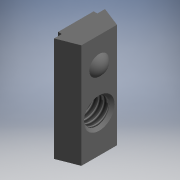
# Autodesk Inventor part: HNTP5-5_app
Saved by Autodesk Inventor 2017.3 (Build 213256000, 256)
## iProperties
Part Number: HNTP5-5_app
Material: Generic
Catalog Web Link: www.cadenas.de
Description: HNTP, HNTPV, HNTPZ, SHNTP_app-Post-Assembly Fitting Spring Nuts For Aluminum Frames
Vendor: MISUMI
Document SubType Name: Modeling
Designer: partserver
Manufacturer: MISUMI
Mass: 0.392555 g
Surface Area: 4.47403 cm^2
Volume: 0.392555 cm^3
Density: 1 g/cm^3
Appearance: PSOLRGB-128-128-128
Category: PARTsolutions
Company: MISUMI
Title: HNTP5-5
Author: Cadenas PARTsolutions
Comments: Post-Assembly Fitting Spring Nuts For Aluminum Frames
PSOL_IDENT_0: {$CADENAS_DATA\23d-libs\misumi\metric\38_al_extrusions_blackets\nuts\shntp.prj},188 {VTYP=3D},{NB=HN
PSOL_IDENT_1: TP5-5_app},{LINA=HNTP5-5},{NN=HNTP, HNTPV, HNTPZ, SHNTP_app},{DATE=28.07.2021 09:30:14},{GEOMDATE=07
PSOL_IDENT_2: .03.2017 06:48:08},{VERSION=},{LINEID=10},{WBVAR=MATB,M},{WBNUMERIC=M}  {NB=HNTP5-5_app},{LINA=HNTP5
PSOL_IDENT_3: -5},{KT=DUMMY},{PN=HNTP5-5},{MATB=HNTP},{MATBALL=304 Stainless Steel},{MATS=SWP-A},{ST=Trivalent Chr
PSOL_IDENT_4: omate},{NO=5},{M=5},{MALG=3,4,5},{AFS=HFS5},{A=5.8},{B=8.3},{E=3.2},{T=3.8},{L=17},{L1=6.0},{TT=6.8}
PSOL_IDENT_5: ,{L11=4}
NB: HNTP5-5_app
NN: HNTP, HNTPV, HNTPZ, SHNTP_app
NT: Post-Assembly Fitting Spring Nuts For Aluminum Frames
NBSYN: $PN._app
LINA: HNTP5-5
CATALOG: Misumi
PN: HNTP5-5
MATB: 1010 Carbon Steel Equivalent
MATBALL: 304 Stainless Steel
MATS: SWP-A
ST: Trivalent Chromate Plating
NO: 5
M: 5
A: 5.8
B: 8.3
E: 3.2
T: 3.8
L: 17
L1: 6
TT: 6.8
SUPPLIER: MISUMI
ARTICLENO: HNTP5-5_app
BOMINFO: HNTP5-5
CREATOR: CADENAS GmbH
Autodesk Inventor part; units mm, degrees
sketch "Sketch_1" plane through (0, 0, 0) normal (0, 0, 1) x (1, 0, 0)
  line L0 (0, -2.9) -> (3.2, -4.15)
  line L1 (3.2, -4.15) -> (3.2, -2.9)
  line L2 (3.2, -2.9) -> (3.8, -2.9)
  line L3 (3.8, -2.9) -> (3.8, 2.9)
  line L4 (3.8, 2.9) -> (3.2, 2.9)
  line L5 (3.2, 2.9) -> (3.2, 4.15)
  line L6 (3.2, 4.15) -> (0, 2.9)
  line L7 (0, 2.9) -> (0, -2.9)
  constraints: 16 end point
extrude "Extrusion1" add sketch "Sketch_1" along normal mid plane 17
sketch "Sketch_2" plane through (0, 0, 2.5) normal (0, 0, 1) x (1, 0, 0)
  line L0 (3.8, 0) -> (0, 0)
  line L1 (0, 0) -> (0, 2.5)
  line L2 (0, 2.5) -> (0.433, 2.067)
  line L3 (0.433, 2.067) -> (3.367, 2.067)
  line L4 (3.367, 2.067) -> (3.8, 2.5)
  line L5 (3.8, 2.5) -> (3.8, 0)
  line L6 (3.8, 0) -> (0, 0)
  constraints: 14 end point
revolve "Revolution1" cut sketch "Sketch_2" angle 360 about axis through (3.8, 0, 2.5) along (1, 0, 0)
thread "Thread1" size "M5x0.8" class "6H" standard "ISO Metric profile" full length
sketch "Sketch_3" plane through (0, 0, -4.25) normal (0, 0, 1) x (1, 0, 0)
  line L0 (1.2, 3.2) -> (1.2, -3.2)
  arc A0 (1.2, 2) -> (1.2, -2) centre (1.2, 0) ccw
  line L1 (1.2, 2) -> (1.2, -2)
  constraints: 4 end point, 2 point on circle, 1 centre point
revolve "Revolution2" add sketch "Sketch_3" angle 360 about axis through (1.2, 3.2, -4.25) along (0, 1, 0)
ref_plane "nut1_to_bolt1_XY" through (3.8, 0, 2.5) normal (1, 0, 0) x (0, 0, -1)
ref_plane "nut1_to_bolt1_YZ" through (3.8, 0, 2.5) normal (0, 0, -1) x (0, 1, 0)
ref_plane "nut1_to_bolt1_ZX" through (3.8, 0, 2.5) normal (0, 1, 0) x (1, 0, 0)
ref_plane "nut_to_bolt_XY" through (0, 0, 2.5) normal (1, 0, 0) x (0, 0, -1)
ref_plane "nut_to_bolt_YZ" through (0, 0, 2.5) normal (0, 0, -1) x (0, 1, 0)
ref_plane "nut_to_bolt_ZX" through (0, 0, 2.5) normal (0, 1, 0) x (1, 0, 0)
ref_plane "to_frames_XY" through (3.2, 0, 2.5) normal (1, 0, 0) x (0, 0, -1)
ref_plane "to_frames_YZ" through (3.2, 0, 2.5) normal (0, 0, -1) x (0, 1, 0)
ref_plane "to_frames_ZX" through (3.2, 0, 2.5) normal (0, 1, 0) x (1, 0, 0)
body "Solid1"
·····
**EXERCISE:** Pictures should not appear; only the lines from the start of the listing above to the line containing "Document SubType Name: Modeling", both ends included, are to be repeated exactly.

**ANSWER FOR THE TASK:**
# Autodesk Inventor part: HNTP5-5_app
Saved by Autodesk Inventor 2017.3 (Build 213256000, 256)
## iProperties
Part Number: HNTP5-5_app
Material: Generic
Catalog Web Link: www.cadenas.de
Description: HNTP, HNTPV, HNTPZ, SHNTP_app-Post-Assembly Fitting Spring Nuts For Aluminum Frames
Vendor: MISUMI
Document SubType Name: Modeling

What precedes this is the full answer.